WORK REQUIRED:
Only one stretch of the data below is wanted: the lines starting at the one with "- R7: value 100 -> 2.4k" and ending at the one with "- TP11: value PSU_EN -> IO40", both included, given again exactly.

RECORDS FOR THIS TASK:
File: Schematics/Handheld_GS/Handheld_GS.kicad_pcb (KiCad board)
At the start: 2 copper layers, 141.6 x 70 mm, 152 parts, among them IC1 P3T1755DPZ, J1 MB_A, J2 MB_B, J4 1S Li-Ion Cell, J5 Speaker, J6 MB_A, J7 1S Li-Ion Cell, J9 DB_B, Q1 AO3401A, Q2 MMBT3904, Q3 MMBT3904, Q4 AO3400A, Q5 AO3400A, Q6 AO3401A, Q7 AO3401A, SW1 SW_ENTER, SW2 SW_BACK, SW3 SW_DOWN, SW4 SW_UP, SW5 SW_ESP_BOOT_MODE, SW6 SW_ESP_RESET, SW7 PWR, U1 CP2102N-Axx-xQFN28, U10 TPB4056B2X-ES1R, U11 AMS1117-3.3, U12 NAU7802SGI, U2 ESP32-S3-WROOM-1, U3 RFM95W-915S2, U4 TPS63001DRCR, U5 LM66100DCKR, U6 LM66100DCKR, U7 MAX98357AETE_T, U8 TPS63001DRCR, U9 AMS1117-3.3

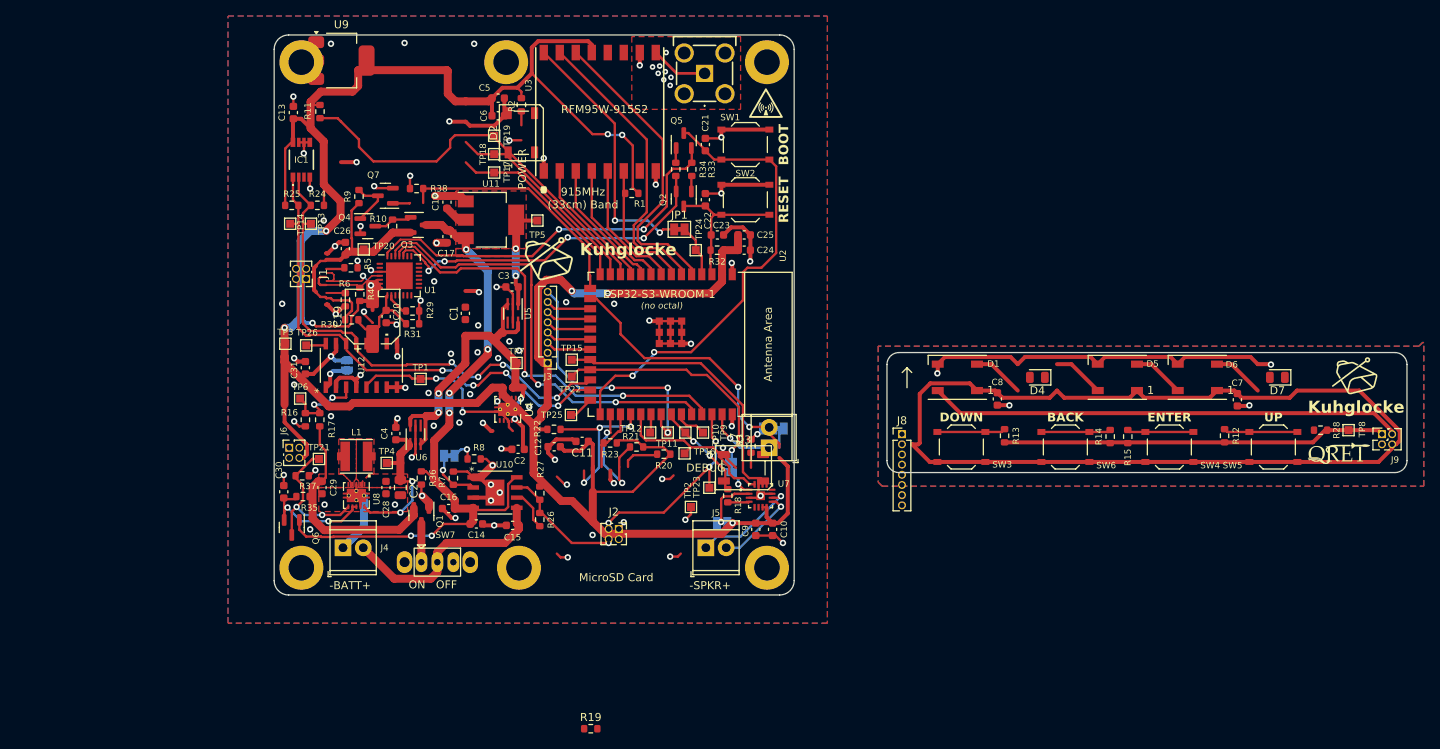
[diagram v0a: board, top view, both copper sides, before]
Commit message: Updated ground station with suggest changes and more, routing done
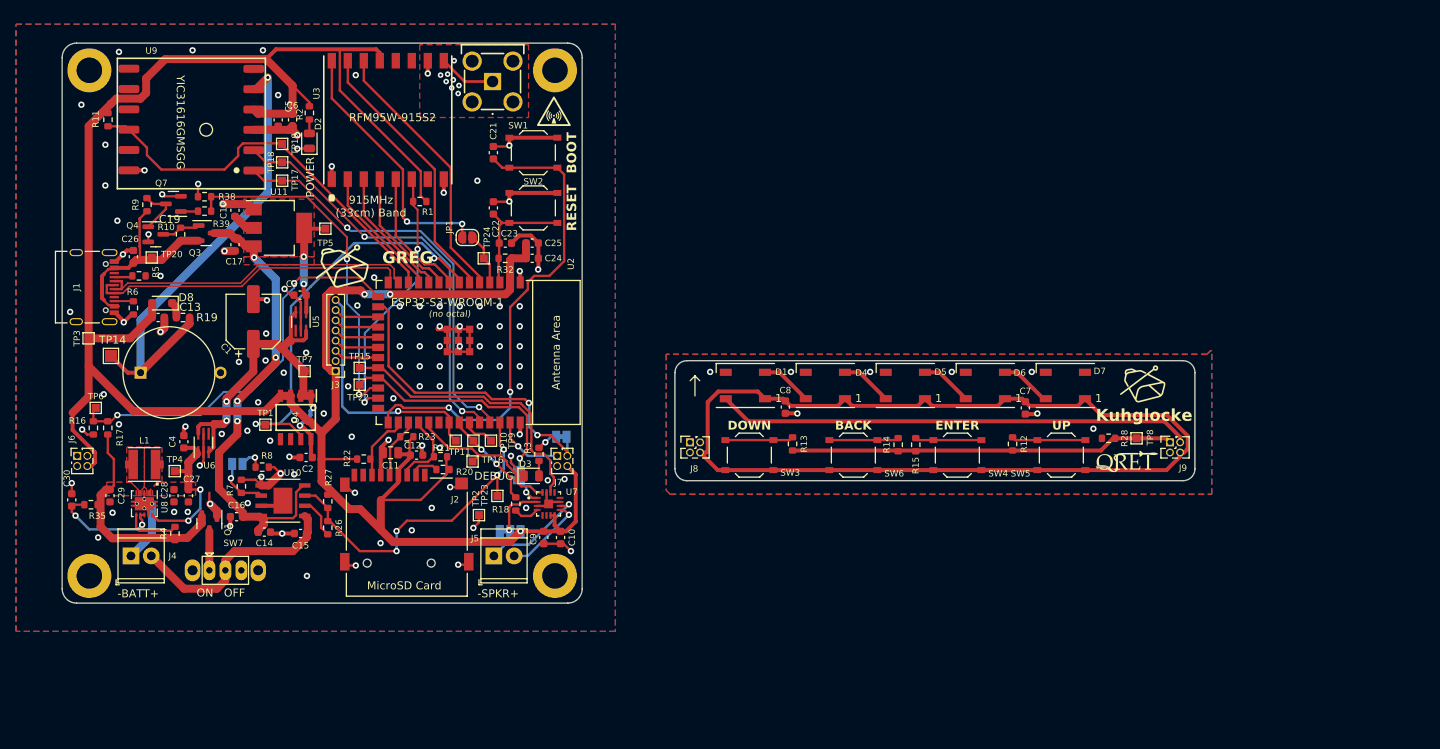
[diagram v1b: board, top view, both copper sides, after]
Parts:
- removed C20: 10uF, Capacitor_SMD:C_0603_1608Metric
- removed C31: 4.7uF, Capacitor_SMD:C_0603_1608Metric
- removed H5, H6: MountingHole, MountingHole:MountingHole_3.2mm_M3_ISO14580_Pad
- removed IC1: P3T1755DPZ, footprints:P3T1755DPZ
- removed JP6: DIO2_EN, Jumper:SolderJumper-2_P1.3mm_Open_RoundedPad1.0x1.5mm
- removed Q2: MMBT3904, Package_TO_SOT_SMD:SOT-23
- removed Q5: AO3400A, Package_TO_SOT_SMD:SOT-23
- removed Q6: AO3401A, Package_TO_SOT_SMD:SOT-23
- removed R24: 100k, Resistor_SMD:R_0603_1608Metric
- removed R25, R33, R34, R36, R37: 10k, Resistor_SMD:R_0603_1608Metric
- removed R29: 1.5k, Resistor_SMD:R_0603_1608Metric
- removed R30, R31: 5.1k, Resistor_SMD:R_0603_1608Metric
- removed TP12: TP_VUSB, TestPoint:TestPoint_Pad_1.0x1.0mm
- removed TP13: TP_VPSU, TestPoint:TestPoint_Pad_1.0x1.0mm
- removed TP21: TP_SDA, TestPoint:TestPoint_Pad_1.0x1.0mm
- removed TP25: GPS_TX, TestPoint:TestPoint_Pad_1.0x1.0mm
- removed TP26: GPS_RX, TestPoint:TestPoint_Pad_1.0x1.0mm
- removed U1: CP2102N-Axx-xQFN28, Package_DFN_QFN:QFN-28-1EP_5x5mm_P0.5mm_EP3.35x3.35mm
- removed U12: NAU7802SGI, NAU7802SGI:SOI16_NAU7802SGI_NUV
- added D8: 1N5819WS, Diode_SMD:D_SOD-323_HandSoldering, F.Cu at (35.1, 71.4)
- added R39: 510, Resistor_SMD:R_0603_1608Metric, F.Cu at (40.4, 59.9)
- C1: value 1uF -> 100uF; footprint Capacitor_SMD:C_0603_1608Metric -> Capacitor_SMD:CP_Elec_6.3x5.9
- C10: value 1uF -> 10uF
- C11: value 0.1uF -> 47uF; footprint Capacitor_SMD:C_0603_1608Metric -> Capacitor_SMD:C_0805_2012Metric
- C12, C16, C2, C22: value 1uF -> 0.1uF
- C14, C15, C23, C8: value 10uF -> 1uF
- C17, C18, C24, C26, C29: value 0.1uF -> 10uF
- C19: value 100uF -> 330mF; footprint Capacitor_SMD:CP_Elec_6.3x5.9 -> footprints:CB5R5334HF-ZJP
- C25, C5: value 10uF -> 0.1uF
- C27: value 47uF -> 10uF; footprint Capacitor_SMD:C_0805_2012Metric -> Capacitor_SMD:C_0603_1608Metric
- C4: value 0.1uF -> 1uF
- C6: value 10uF -> 4.7uF
- D2: value WS2812B -> INT_PWR_LED (RED); footprint LED_SMD:LED_WS2812B_PLCC4_5.0x5.0mm_P3.2mm -> LED_SMD:LED_0805_2012Metric
- D3: value WS2812B -> DB_LED (GRN); footprint LED_SMD:LED_WS2812B_PLCC4_5.0x5.0mm_P3.2mm -> LED_SMD:LED_0805_2012Metric
- D4: value DB_LED (GRN) -> WS2812B; footprint LED_SMD:LED_0805_2012Metric -> LED_SMD:LED_WS2812B_PLCC4_5.0x5.0mm_P3.2mm
- D7: value INT_PWR_LED (RED) -> WS2812B; footprint LED_SMD:LED_0805_2012Metric -> LED_SMD:LED_WS2812B_PLCC4_5.0x5.0mm_P3.2mm
- J1: value MB_A -> USB_C_Female_USB2_Small; footprint Connector_PinSocket_1.27mm:PinSocket_2x02_P1.27mm_Vertical -> footprints:USB_C_DB-108PWB
- J2: value MB_B -> MSD-1-A MicroSD Slot; footprint Connector_PinSocket_1.27mm:PinSocket_2x02_P1.27mm_Vertical -> footprints:MicroSD_MSD-1-A
- J7: value 1S Li-Ion Cell -> MB_B; footprint TerminalBlock_TE-Connectivity:TerminalBlock_TE_282834-2_1x02_P2.54mm_Horizontal -> Connector_PinSocket_1.27mm:PinSocket_2x02_P1.27mm_Vertical
- J8: value ~ -> DB_A; footprint Connector_PinHeader_1.27mm:PinHeader_1x08_P1.27mm_Vertical -> footprints:HPH2-A-04-UA_PINS
- JP1: value DB_LED_EN -> DIO2_EN; footprint Jumper:SolderJumper-2_P1.3mm_Bridged_Pad1.0x1.5mm -> Jumper:SolderJumper-2_P1.3mm_Open_RoundedPad1.0x1.5mm
- JP2: value FastCharge -> Gain; footprint Jumper:SolderJumper-2_P1.3mm_Open_Pad1.0x1.5mm -> Jumper:SolderJumper-3_P1.3mm_Bridged12_Pad1.0x1.5mm_NumberLabels
- JP3: value ADC_REFP -> SPK_DIN
- JP4: value SPK_DIN -> FastCharge; footprint Jumper:SolderJumper-2_P1.3mm_Bridged_Pad1.0x1.5mm -> Jumper:SolderJumper-2_P1.3mm_Open_Pad1.0x1.5mm
- JP5: value Gain -> DB_LED_EN; footprint Jumper:SolderJumper-3_P1.3mm_Bridged12_Pad1.0x1.5mm_NumberLabels -> Jumper:SolderJumper-2_P1.3mm_Bridged_Pad1.0x1.5mm
- Q3: value MMBT3904 -> AO3401A
- Q7: value AO3401A -> AO3400A
- R10: value 2k -> 51k
- R11: value 1k -> 10k
- R13: value 51k -> 1k
- R14: value 2.4k -> 2k
- R15: value 1k -> 5.6k
- R17: value 10k -> 20k
- R19: value 510 -> 100R
- R2: value 22k -> 1.8k
- R22: value 100k -> 10k
- R23: value 51k -> 10k
- R26: value 1.8k -> 10k
- R27: value 4.7k -> 10k
- R28: value 4.7k -> 1k
- R3: value 47k -> 10k
- R35: value 10k -> 100
- R38: value 10k -> 100k
- R4: value 1k -> 100k
- R5: value 10k -> 5.1k
- R6: value 3.9k -> 5.1k
- R7: value 100 -> 2.4k
- R8: value 100k -> 3.9k
- R9: value 5.6k -> 100k
- SW1: value SW_ENTER -> SW_ESP_BOOT_MODE
- SW2: value SW_BACK -> SW_ESP_RESET
- SW4: value SW_UP -> SW_ENTER
- SW5: value SW_ESP_BOOT_MODE -> SW_UP
- SW6: value SW_ESP_RESET -> SW_BACK
- TP1: value IO39 -> TP_ISENSE
- TP10: value TP_BTN -> IO41
- TP11: value PSU_EN -> IO40
- TP14: value CHRG_STAT -> BKP; footprint TestPoint:TestPoint_Pad_1.0x1.0mm -> TestPoint:TestPoint_Pad_1.5x1.5mm
- TP15: value TP_MUX -> I2S_LRCLK
- TP16: value ADC_LDO -> I2S_BLCK
- TP17: value TP_ISENSE -> GPS_RX
- TP18: value TP_GND -> GPS_TX
- TP19: value TP_3V3 -> GPS_RST
- TP2: value IO40 -> TP_GND
- TP20: value TP_SCL -> 5V_RAW
- TP22: value 5V_RAW -> I2S_DIN
- TP23: value GPS_RST -> CHRG_STAT
- TP24: value B_SENSE -> IO4
- TP3: value IO41 -> TP_3V3
- TP4: value IO42 -> TP_VPSU
- TP5: value IO45 -> TP_VUSB
- TP6: value IO4 -> B_SENSE
- TP7: value I2S_LRCLK -> TP_MUX
- TP8: value I2S_BLCK -> TP_BTN
- TP9: value I2S_DIN -> IO42
- U4: value TPS63001DRCR -> ACS70331EOLC; footprint Package_SON:Texas_DRC0010J_ThermalVias -> footprints:SOIC127P600X175-8N
- U9: value AMS1117-3.3 -> YIC31616GMSGG GPS; footprint Package_TO_SOT_SMD:SOT-223-3_TabPin2 -> footprints:YIC31616GMSGG
- moved R19 72.4 mm to (37.7, 73.2)
- moved R4 37.8 mm to (36.7, 100.2), turned to 90 degrees
- moved C13 30.7 mm to (34.6, 73.2), turned to 0 degrees
- moved TP14 27.8 mm to (28.7, 78.0), turned to 0 degrees
- moved R20 27.7 mm to (70.2, 92.2)
- moved C5 27.6 mm to (49.6, 48.5), turned to 90 degrees
- moved J9 26.5 mm to (161.1, 88.8)
- moved R14 26.5 mm to (127.1, 89.1)
- moved C15 26.5 mm to (52.4, 100.2)
- moved C16 26.5 mm to (44.4, 98.1)
- moved C27 26.5 mm to (38.4, 95.5)
- moved C3 26.5 mm to (52.3, 70.4)
- moved J3 26.5 mm to (56.8, 79.9)
- moved R38 26.5 mm to (40.4, 58.1)
- moved TP7 26.5 mm to (52.9, 79.9)
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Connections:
- C1 pad 1: GND -> V_MUX
- C1 pad 2: ESP32_EN -> GND
- C10 pad 1: +5V -> +3.3V
- C11 pad 1: GND -> +3.3V
- C11 pad 2: +5V -> GND
- C12 pad 1: V_REGUSB -> +3.3V
- C13 pad 1: V_PSU -> +3.3V
- C14 pad 1: V_PSU -> +5V
- C15 pad 1: V_PSU -> GND
- C15 pad 2: GND -> RAW_BATT
- C16 pad 2: RAW_BATT -> +5V
- C17 pad 1: GND -> +5V
- C17 pad 2: GPIO0 -> GND
- C18 pad 1: GND -> V_REGUSB
- C18 pad 2: ESP32_EN -> GND
- C19 pad 1: V_MUX -> /GPS_BCKP
- C2 pad 1: GND -> V_MUX
- C2 pad 2: Net-(U1-VBUS) -> GND
- C21 pad 1: V_MUX -> GND
- C21 pad 2: GND -> GPIO0
- C22 pad 2: +3.3V -> ESP32_EN
- C23 pad 1: V_REGUSB -> GND
- C23 pad 2: GND -> ESP32_EN
- C26 pad 1: +3.3V -> GND
- C26 pad 2: GND -> 5V_RAW
- C27 pad 1: +3.3V -> V_PSU
- C28 pad 1: GND -> V_PSU
- C28 pad 2: 5V_RAW -> GND
- C29 pad 1: +3.3V -> +BATT
- C3 pad 1: GND2 -> V_REGUSB
- C3 pad 2: +3.3VA -> GND
- C30 pad 1: GND -> Net-(U8-PS/SYNC)
- C30 pad 2: +3.3V -> GND
- C4 pad 1: +3.3V -> V_PSU
- C6 pad 1: +3.3V -> GND
- C6 pad 2: GND -> +3.3V
- C8 pad 1: +BATT -> GND2
- C8 pad 2: GND -> +3.3VA
- C9 pad 1: Net-(Q1-S) -> +3.3V
- D2 pad 1: +3.3VA -> GND
- D2 pad 2: Net-(D2-DOUT) -> Net-(D2-A)
- D3 pad 1: +3.3VA -> GND
- D3 pad 2: Net-(D3-DOUT) -> Net-(D3-A)
- D4 pad 1: GND -> +3.3VA
- D4 pad 2: Net-(D4-A) -> Net-(D4-DOUT)
- D5 pad 4: Net-(D3-DOUT) -> Net-(D4-DOUT)
- D6 pad 2: unconnected-(D6-DOUT-Pad2) -> Net-(D6-DOUT)
- D7 pad 1: GND -> +3.3VA
- D7 pad 2: Net-(D7-A) -> unconnected-(D7-DOUT-Pad2)
- J2 pad 1: BUTTONS -> unconnected-(J2-DAT2-Pad1)
- J2 pad 2: GND -> Net-(J2-DAT3/CD)
- J2 pad 3: ARGB_DATA -> CMD_SDMMC
- J3 pad 1: (no net) -> +3.3V
- J3 pad 2: (no net) -> GND
- J3 pad 3: (no net) -> MOSI_EINK
- J3 pad 4: (no net) -> SCK_EINK
- J3 pad 5: (no net) -> CS_EINK
- J3 pad 6: (no net) -> EINK_DC
- J3 pad 7: (no net) -> RESET_EINK
- J3 pad 8: (no net) -> EINK_BUSY
- J4 pad 1: (no net) -> GND
- J4 pad 2: (no net) -> RAW_BATT
- J6 pad 1: (no net) -> unconnected-(J6-Pad1)
- J6 pad 2: (no net) -> GND
- J6 pad 3: (no net) -> unconnected-(J6-Pad3)
- J6 pad 4: (no net) -> +3.3V
- J7 pad 1: GND -> BUTTONS
- J7 pad 2: RAW_BATT -> GND
- J8 pad 1: +3.3V -> unconnected-(J8-Pad1)
- J8 pad 2: GND -> GND2
- J8 pad 3: MOSI_EINK -> unconnected-(J8-Pad3)
- J8 pad 4: SCK_EINK -> +3.3VA
- J9 pad 1: (no net) -> BUTTONS_DB
- J9 pad 2: (no net) -> GND2
- J9 pad 3: (no net) -> ARGB_DATA_DB
- J9 pad 4: (no net) -> +3.3VA
- JP1 pad 1: ARGB_DATA -> Net-(JP1-A)
- JP1 pad 2: Net-(JP1-B) -> DIO2_RF
- JP2 pad 1: Net-(JP2-A) -> GND
- JP2 pad 2: Net-(JP2-B) -> Net-(JP2-C)
- JP3 pad 1: +3.3V -> Net-(JP3-A)
- JP3 pad 2: Net-(JP3-B) -> I2S_DIN_SPK
- JP4 pad 2: I2S_DIN_SPK -> Net-(JP4-B)
- JP5 pad 1: GND -> ARGB_DATA
- JP5 pad 2: Net-(JP5-C) -> Net-(JP5-B)
- Q1 pad 1: +5V -> GND
- Q1 pad 2: Net-(Q1-S) -> +BATT
- Q3 pad 1: Net-(Q3-B) -> Net-(Q3-G)
- Q3 pad 2: DTR -> 5V_RAW
- Q3 pad 3: GPIO0 -> +5V
- Q4 pad 3: Net-(Q4-D) -> Net-(Q3-G)
- Q7 pad 1: GND -> Net-(Q7-G)
- Q7 pad 2: +BATT -> GND
- Q7 pad 3: Net-(Q7-D) -> Net-(Q4-G)
- R1 pad 1: +3.3V -> RESET_RF
- R1 pad 2: ESP32_EN -> +3.3V
- R10 pad 1: BUTTONS_DB -> 5V_RAW
- R10 pad 2: Net-(R10-Pad2) -> Net-(Q3-G)
- R11 pad 1: Net-(R11-Pad1) -> +3.3V
- R11 pad 2: BUTTONS_DB -> GPS_RST
- R13 pad 1: GND -> Net-(R13-Pad1)
- R13 pad 2: Net-(Q1-D) -> BUTTONS_DB
- R14 pad 1: GND -> BUTTONS_DB
- R14 pad 2: Net-(JP2-B) -> Net-(R14-Pad2)
- R15 pad 1: GND2 -> Net-(R15-Pad1)
- R16 pad 1: DTR -> BATT_SENSE
- R16 pad 2: Net-(Q2-B) -> GND
- R17 pad 1: Net-(Q3-B) -> +BATT
- R17 pad 2: RTS -> BATT_SENSE
- R18 pad 1: 5V_OFF -> SPK_ON
- R18 pad 2: GND -> Net-(U7-SD_MODE)
- R19 pad 1: 5V_OFF -> Net-(D8-K)
- R19 pad 2: Net-(Q4-G) -> /GPS_BCKP
- R2 pad 1: Net-(U1-VBUS) -> Net-(D2-A)
- R2 pad 2: 5V_RAW -> +3.3V
- R20 pad 1: CHRG_STAT -> +3.3V
- R20 pad 2: +3.3V -> Net-(J2-DAT3/CD)
- R21 pad 1: Net-(U3-STBY) -> +3.3V
- R21 pad 2: CHRG_STAT -> CMD_SDMMC
- R22 pad 1: 5V_RAW -> +3.3V
- R22 pad 2: Net-(Q4-D) -> D0_SDMMC
- R23 pad 1: 5V_RAW -> +3.3V
- R23 pad 2: Net-(Q5-D) -> CLK_SDMMC
- R26 pad 1: Net-(D7-A) -> Net-(U10-STBY)
- R26 pad 2: +3.3V -> CHRG_STAT
- R27 pad 1: I2C_SCL -> CHRG_STAT
- R28 pad 1: +3.3V -> GND2
- R28 pad 2: I2C_SDA -> BUTTONS_DB
- R3 pad 1: GND -> Net-(D3-A)
- R3 pad 2: Net-(U1-VBUS) -> Net-(JP5-B)
- R32 pad 2: CMD_SDMMC -> ESP32_EN
- R35 pad 1: +3.3V -> +BATT
- R35 pad 2: Net-(J9-DAT3/CD) -> Net-(U8-PS/SYNC)
- R38 pad 1: BATT_SENSE -> 5V_OFF
- R4 pad 1: Net-(U1-~{RST}) -> +BATT
- R4 pad 2: GND -> Net-(U8-EN)
- R5 pad 1: Net-(D4-A) -> Net-(J1-CC1)
- R5 pad 2: Net-(JP1-B) -> GND
- R6 pad 1: Net-(JP2-A) -> Net-(J1-CC2)
- R7 pad 1: +BATT -> GND
- R7 pad 2: Net-(Q1-S) -> Net-(JP4-B)
- R8 pad 1: +5V -> Net-(JP4-A)
- R9 pad 1: Net-(R9-Pad1) -> 5V_RAW
- R9 pad 2: BUTTONS_DB -> Net-(Q4-G)
- SW1 pad 1: +3.3VA -> GND
- SW1 pad 2: Net-(R9-Pad1) -> GPIO0
- SW2 pad 1: +3.3VA -> GND
- SW2 pad 2: Net-(R10-Pad2) -> ESP32_EN
- SW3 pad 2: Net-(R11-Pad1) -> Net-(R13-Pad1)
- SW4 pad 2: Net-(R12-Pad1) -> Net-(R15-Pad1)
- SW5 pad 1: GND -> +3.3VA
- SW5 pad 2: GPIO0 -> Net-(R12-Pad1)
- SW6 pad 1: GND -> +3.3VA
- SW6 pad 2: ESP32_EN -> Net-(R14-Pad2)
- SW7 pad 1: Net-(Q7-D) -> Net-(Q1-D)
- TP1 pad 1: Net-(U2-MTCK/GPIO39/CLK_OUT3/SUBSPICS1) -> CURR_SENSE
- TP10 pad 1: BUTTONS_DB -> SPK_ON
- TP11 pad 1: Net-(Q1-D) -> EINK_BUSY
- TP14 pad 1: CHRG_STAT -> /GPS_BCKP
- TP15 pad 1: V_MUX -> I2S_LRCLK_SPK
- TP16 pad 1: Net-(U7-AVDD/LDO) -> I2S_BCLK_SPK
- TP17 pad 1: CURR_SENSE -> UART1_GPS_TX
- TP18 pad 1: GND -> UART1_GPS_RX
- TP19 pad 1: +3.3V -> GPS_RST
- TP2 pad 1: EINK_BUSY -> GND
- TP20 pad 1: I2C_SCL -> 5V_RAW
- TP22 pad 1: 5V_RAW -> I2S_DIN_SPK
- TP23 pad 1: GPS_RST -> CHRG_STAT
- TP24 pad 1: BATT_SENSE -> DIO2_RF
- TP3 pad 1: SPK_ON -> +3.3V
- TP4 pad 1: MISO_EINK -> V_PSU
- TP5 pad 1: Net-(U2-GPIO45) -> V_REGUSB
- TP6 pad 1: DIO2_RF -> BATT_SENSE
- TP7 pad 1: I2S_LRCLK_SPK -> V_MUX
- TP8 pad 1: I2S_BCLK_SPK -> BUTTONS_DB
- TP9 pad 1: I2S_DIN_SPK -> MISO_EINK
- U10 pad 1: (no net) -> GND
- U10 pad 2: (no net) -> Net-(JP4-B)
- U10 pad 3: (no net) -> GND
- U10 pad 4: (no net) -> +5V
- U10 pad 5: (no net) -> RAW_BATT
- U10 pad 6: (no net) -> Net-(U10-STBY)
- U10 pad 7: (no net) -> CHRG_STAT
- U10 pad 8: (no net) -> +5V
- U10 pad 9: (no net) -> GND
- U11 pad 1: (no net) -> GND
- U11 pad 2: (no net) -> V_REGUSB
- U11 pad 3: (no net) -> +5V
- U2 pad 13: UART1_GPS_RX -> USB_D-
- U2 pad 14: UART1_GPS_TX -> USB_D+
- U2 pad 15: 5V_OFF -> BATT_SENSE
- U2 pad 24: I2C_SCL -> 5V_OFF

REPLY:
- R7: value 100 -> 2.4k
- R8: value 100k -> 3.9k
- R9: value 5.6k -> 100k
- SW1: value SW_ENTER -> SW_ESP_BOOT_MODE
- SW2: value SW_BACK -> SW_ESP_RESET
- SW4: value SW_UP -> SW_ENTER
- SW5: value SW_ESP_BOOT_MODE -> SW_UP
- SW6: value SW_ESP_RESET -> SW_BACK
- TP1: value IO39 -> TP_ISENSE
- TP10: value TP_BTN -> IO41
- TP11: value PSU_EN -> IO40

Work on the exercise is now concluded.